____ Supplied data

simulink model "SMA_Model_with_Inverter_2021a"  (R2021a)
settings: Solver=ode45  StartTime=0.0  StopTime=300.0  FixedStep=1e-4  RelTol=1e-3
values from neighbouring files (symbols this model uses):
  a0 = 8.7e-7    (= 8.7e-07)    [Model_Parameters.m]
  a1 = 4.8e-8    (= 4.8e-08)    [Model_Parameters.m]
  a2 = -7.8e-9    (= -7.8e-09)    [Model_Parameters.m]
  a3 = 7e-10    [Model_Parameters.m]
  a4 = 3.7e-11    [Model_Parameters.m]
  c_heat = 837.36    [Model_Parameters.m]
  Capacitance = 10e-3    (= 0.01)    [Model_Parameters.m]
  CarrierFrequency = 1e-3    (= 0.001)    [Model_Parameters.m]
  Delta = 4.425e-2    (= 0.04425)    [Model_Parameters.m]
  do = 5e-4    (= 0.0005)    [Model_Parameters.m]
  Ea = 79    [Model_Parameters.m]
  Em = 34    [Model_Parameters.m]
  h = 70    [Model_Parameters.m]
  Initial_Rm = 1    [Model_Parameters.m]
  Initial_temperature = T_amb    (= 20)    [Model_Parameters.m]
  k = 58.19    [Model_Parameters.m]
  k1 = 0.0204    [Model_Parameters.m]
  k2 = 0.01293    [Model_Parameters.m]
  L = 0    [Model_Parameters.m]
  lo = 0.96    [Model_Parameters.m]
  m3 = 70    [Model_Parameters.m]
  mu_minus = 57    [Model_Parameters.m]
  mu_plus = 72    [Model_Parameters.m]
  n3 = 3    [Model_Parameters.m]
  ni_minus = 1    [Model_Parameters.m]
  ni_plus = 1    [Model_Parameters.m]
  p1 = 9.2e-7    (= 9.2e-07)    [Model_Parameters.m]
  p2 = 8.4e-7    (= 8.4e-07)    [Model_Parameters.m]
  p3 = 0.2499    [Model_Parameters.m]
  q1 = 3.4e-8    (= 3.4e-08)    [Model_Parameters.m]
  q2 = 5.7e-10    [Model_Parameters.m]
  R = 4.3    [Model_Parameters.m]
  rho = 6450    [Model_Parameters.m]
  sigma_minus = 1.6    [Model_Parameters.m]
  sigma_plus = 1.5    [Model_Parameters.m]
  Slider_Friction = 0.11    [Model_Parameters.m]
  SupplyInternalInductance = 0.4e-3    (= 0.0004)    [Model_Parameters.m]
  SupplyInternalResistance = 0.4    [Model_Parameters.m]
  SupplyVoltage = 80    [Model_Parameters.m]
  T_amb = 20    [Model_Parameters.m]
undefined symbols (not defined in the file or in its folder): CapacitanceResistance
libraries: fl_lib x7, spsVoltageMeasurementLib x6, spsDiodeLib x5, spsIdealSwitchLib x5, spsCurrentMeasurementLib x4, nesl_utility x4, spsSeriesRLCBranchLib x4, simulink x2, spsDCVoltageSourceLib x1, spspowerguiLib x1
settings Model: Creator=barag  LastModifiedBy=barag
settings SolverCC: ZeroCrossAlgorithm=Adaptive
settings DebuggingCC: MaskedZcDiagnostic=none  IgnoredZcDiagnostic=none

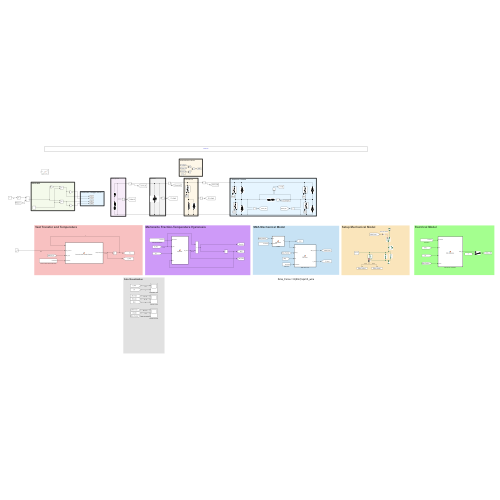
[thumbnail: Simulink's stored preview of the top-level diagram]
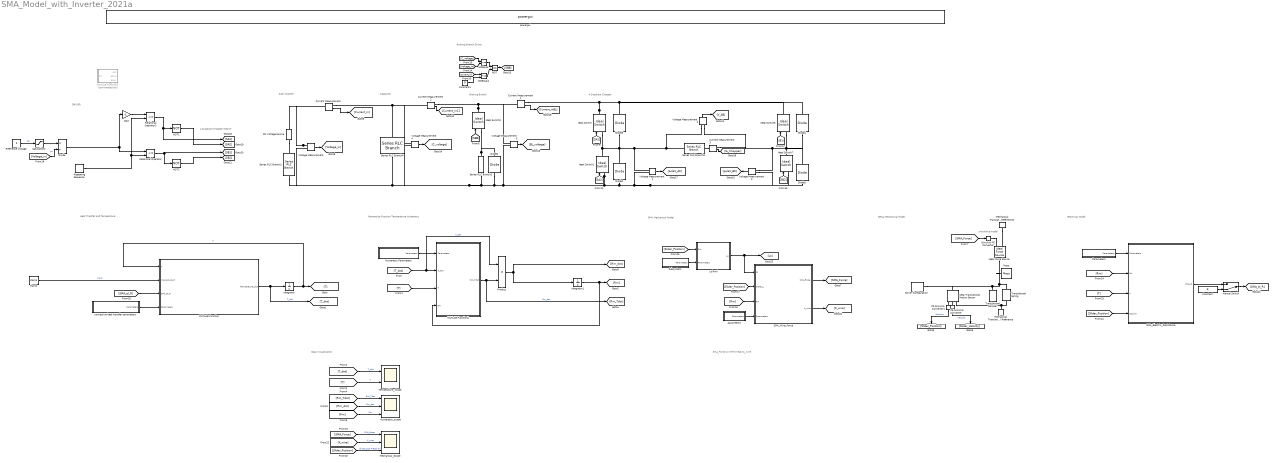
== system SMA_Model_with_Inverter_2021a ==
  note: Electrical Model
  note: Sma_Force = K(Rm)*eps*A_wire
  note: SMA Mechanical Model
  note: Setup Mechanical Model
  note: sma force model
  note: Data Visualization
  note: Martensite Fraction-Temperature Hysteresis
  note: Heat Transfer and Temperature
  note: Braking Branch
  note: Capacitor
  note: 4 Quadrant Chopper
  note: Braking Branch Driver
  note: Suply System
  note: DRIVER
  note: 4 Quadrant Chopper IN/OUT
  Constant : Constant  Value=R
  Constant1 : Constant  Value=0
  Current Measurement{,1..3} (4 alike) : spsCurrentMeasurementLib/Current Measurement  PhasorSimulation=off  OutputType=Complex  PSBequivalent=0
  DC Voltage Source : spsDCVoltageSourceLib/DC Voltage Source  Amplitude=SupplyVoltage  Measurements=None
  Diode{1..5} (5 alike) : spsDiodeLib/Diode  Ron=DiodeResistance  Lon=0  Vf=DiodeVfm  IC=0  UseSnubber=0  Rs=DiodeResistance  Cs=inf  Measurements=off
  Divide : Product  Inputs=*/
  Gain : Gain  Gain=-1
  Hysteresis Parameters : Subsystem
  Hysteresis_scope : Scope  NumInputPorts=3
  Ideal Force Source : fl_lib/Mechanical/Mechanical Sources/Ideal Force Source
  Ideal Switch{,1..2,6..7} (5 alike) : spsIdealSwitchLib/Ideal Switch  Ron=MosfetResistance  Lon=0  IC=0  Rs=DiodeResistance  Cs=inf  Measurements=off
  Ideal Translational Motion Sensor : fl_lib/Mechanical/Mechanical Sensors/Ideal Translational Motion Sensor  offset=4 cm
  Integrator : Integrator  InitialCondition=Initial_temperature
  Integrator1 : Integrator  InitialCondition=Initial_Rm
  Lo(Rm) : MATLAB Function  TreatAsAtomicUnit=on
  MATLAB Function : MATLAB Function  TreatAsAtomicUnit=on
  MATLAB Function1 : MATLAB Function  Commented=on  TreatAsAtomicUnit=on
  MATLAB Function2 : MATLAB Function  TreatAsAtomicUnit=on
  Manual Switch : ManualSwitch  CurrentSetting=0
  Mass : fl_lib/Mechanical/Translational Elements/Mass  mass=Slider_Mass kg  num_ports=foundation.enum.numPorts2.one  v_specify=off  v_priority=High  v=0 m/s  v_nominal_specify=off  v_nominal_unit=m/s  v_nominal_value=1  f_specify=off  f_priority=None  f=0 N  f_nominal_specify=off  f_nominal_unit=N  f_nominal_value=1
  Mechanical Translational Reference : fl_lib/Mechanical/Translational Elements/Mechanical Translational Reference
  Mechanical Translational Reference1 : fl_lib/Mechanical/Translational Elements/Mechanical Translational Reference
  Mechanical_Scope : Scope  NumInputPorts=3
  NOT : Logic  IconShape=distinctive  AllPortsSameDT=off  OutDataTypeStr=boolean
  NOT1 : Logic  Operator=NOT  IconShape=distinctive  AllPortsSameDT=off  OutDataTypeStr=boolean
  NOT2 : Logic  Operator=NOT  IconShape=distinctive  AllPortsSameDT=off  OutDataTypeStr=boolean
  NotEqual : RelationalOperator  Operator=~=  OutDataTypeStr=boolean  RndMeth=Simplest
  NotEqual1 : RelationalOperator  Operator=<=  OutDataTypeStr=boolean  RndMeth=Simplest
  PS-Simulink Converter : nesl_utility/PS-Simulink Converter  PhysicalDomain=network_engine_domain  SubClassName=ps_output  LeftPortType=input  RightPortType=output  PseudoPeriodic=off  Frequencies=[]  Unit=inherit  AffineConversion=off
      settings: SourceProductBaseCode=PW,SS
  PS-Simulink Converter1 : nesl_utility/PS-Simulink Converter  PhysicalDomain=network_engine_domain  SubClassName=ps_output  LeftPortType=input  RightPortType=output  PseudoPeriodic=off  Frequencies=[]  Unit=inherit  AffineConversion=off
      settings: SourceProductBaseCode=PW,SS
  Parameters : Subsystem
  Product : Product
  Ramp : simulink/Sources/Ramp  slope=0.3  start=0  InitialOutput=0
  Reference Voltage : Constant
  Relational Operator : RelationalOperator  Operator=<=  OutDataTypeStr=boolean  RndMeth=Simplest
  Relational Operator1 : RelationalOperator  Operator=<=  OutDataTypeStr=boolean  RndMeth=Simplest
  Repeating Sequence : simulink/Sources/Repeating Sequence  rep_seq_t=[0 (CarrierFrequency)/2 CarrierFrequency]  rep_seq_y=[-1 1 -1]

________

Reproduce the entries exactly, from the line with "c_heat = 837.36" to the line with "note: Data Visualization", both lines included, keeping no pictures.

  c_heat = 837.36    [Model_Parameters.m]
  Capacitance = 10e-3    (= 0.01)    [Model_Parameters.m]
  CarrierFrequency = 1e-3    (= 0.001)    [Model_Parameters.m]
  Delta = 4.425e-2    (= 0.04425)    [Model_Parameters.m]
  do = 5e-4    (= 0.0005)    [Model_Parameters.m]
  Ea = 79    [Model_Parameters.m]
  Em = 34    [Model_Parameters.m]
  h = 70    [Model_Parameters.m]
  Initial_Rm = 1    [Model_Parameters.m]
  Initial_temperature = T_amb    (= 20)    [Model_Parameters.m]
  k = 58.19    [Model_Parameters.m]
  k1 = 0.0204    [Model_Parameters.m]
  k2 = 0.01293    [Model_Parameters.m]
  L = 0    [Model_Parameters.m]
  lo = 0.96    [Model_Parameters.m]
  m3 = 70    [Model_Parameters.m]
  mu_minus = 57    [Model_Parameters.m]
  mu_plus = 72    [Model_Parameters.m]
  n3 = 3    [Model_Parameters.m]
  ni_minus = 1    [Model_Parameters.m]
  ni_plus = 1    [Model_Parameters.m]
  p1 = 9.2e-7    (= 9.2e-07)    [Model_Parameters.m]
  p2 = 8.4e-7    (= 8.4e-07)    [Model_Parameters.m]
  p3 = 0.2499    [Model_Parameters.m]
  q1 = 3.4e-8    (= 3.4e-08)    [Model_Parameters.m]
  q2 = 5.7e-10    [Model_Parameters.m]
  R = 4.3    [Model_Parameters.m]
  rho = 6450    [Model_Parameters.m]
  sigma_minus = 1.6    [Model_Parameters.m]
  sigma_plus = 1.5    [Model_Parameters.m]
  Slider_Friction = 0.11    [Model_Parameters.m]
  SupplyInternalInductance = 0.4e-3    (= 0.0004)    [Model_Parameters.m]
  SupplyInternalResistance = 0.4    [Model_Parameters.m]
  SupplyVoltage = 80    [Model_Parameters.m]
  T_amb = 20    [Model_Parameters.m]
undefined symbols (not defined in the file or in its folder): CapacitanceResistance
libraries: fl_lib x7, spsVoltageMeasurementLib x6, spsDiodeLib x5, spsIdealSwitchLib x5, spsCurrentMeasurementLib x4, nesl_utility x4, spsSeriesRLCBranchLib x4, simulink x2, spsDCVoltageSourceLib x1, spspowerguiLib x1
settings Model: Creator=barag  LastModifiedBy=barag
settings SolverCC: ZeroCrossAlgorithm=Adaptive
settings DebuggingCC: MaskedZcDiagnostic=none  IgnoredZcDiagnostic=none

[thumbnail: Simulink's stored preview of the top-level diagram]
== system SMA_Model_with_Inverter_2021a ==
  note: Electrical Model
  note: Sma_Force = K(Rm)*eps*A_wire
  note: SMA Mechanical Model
  note: Setup Mechanical Model
  note: sma force model
  note: Data Visualization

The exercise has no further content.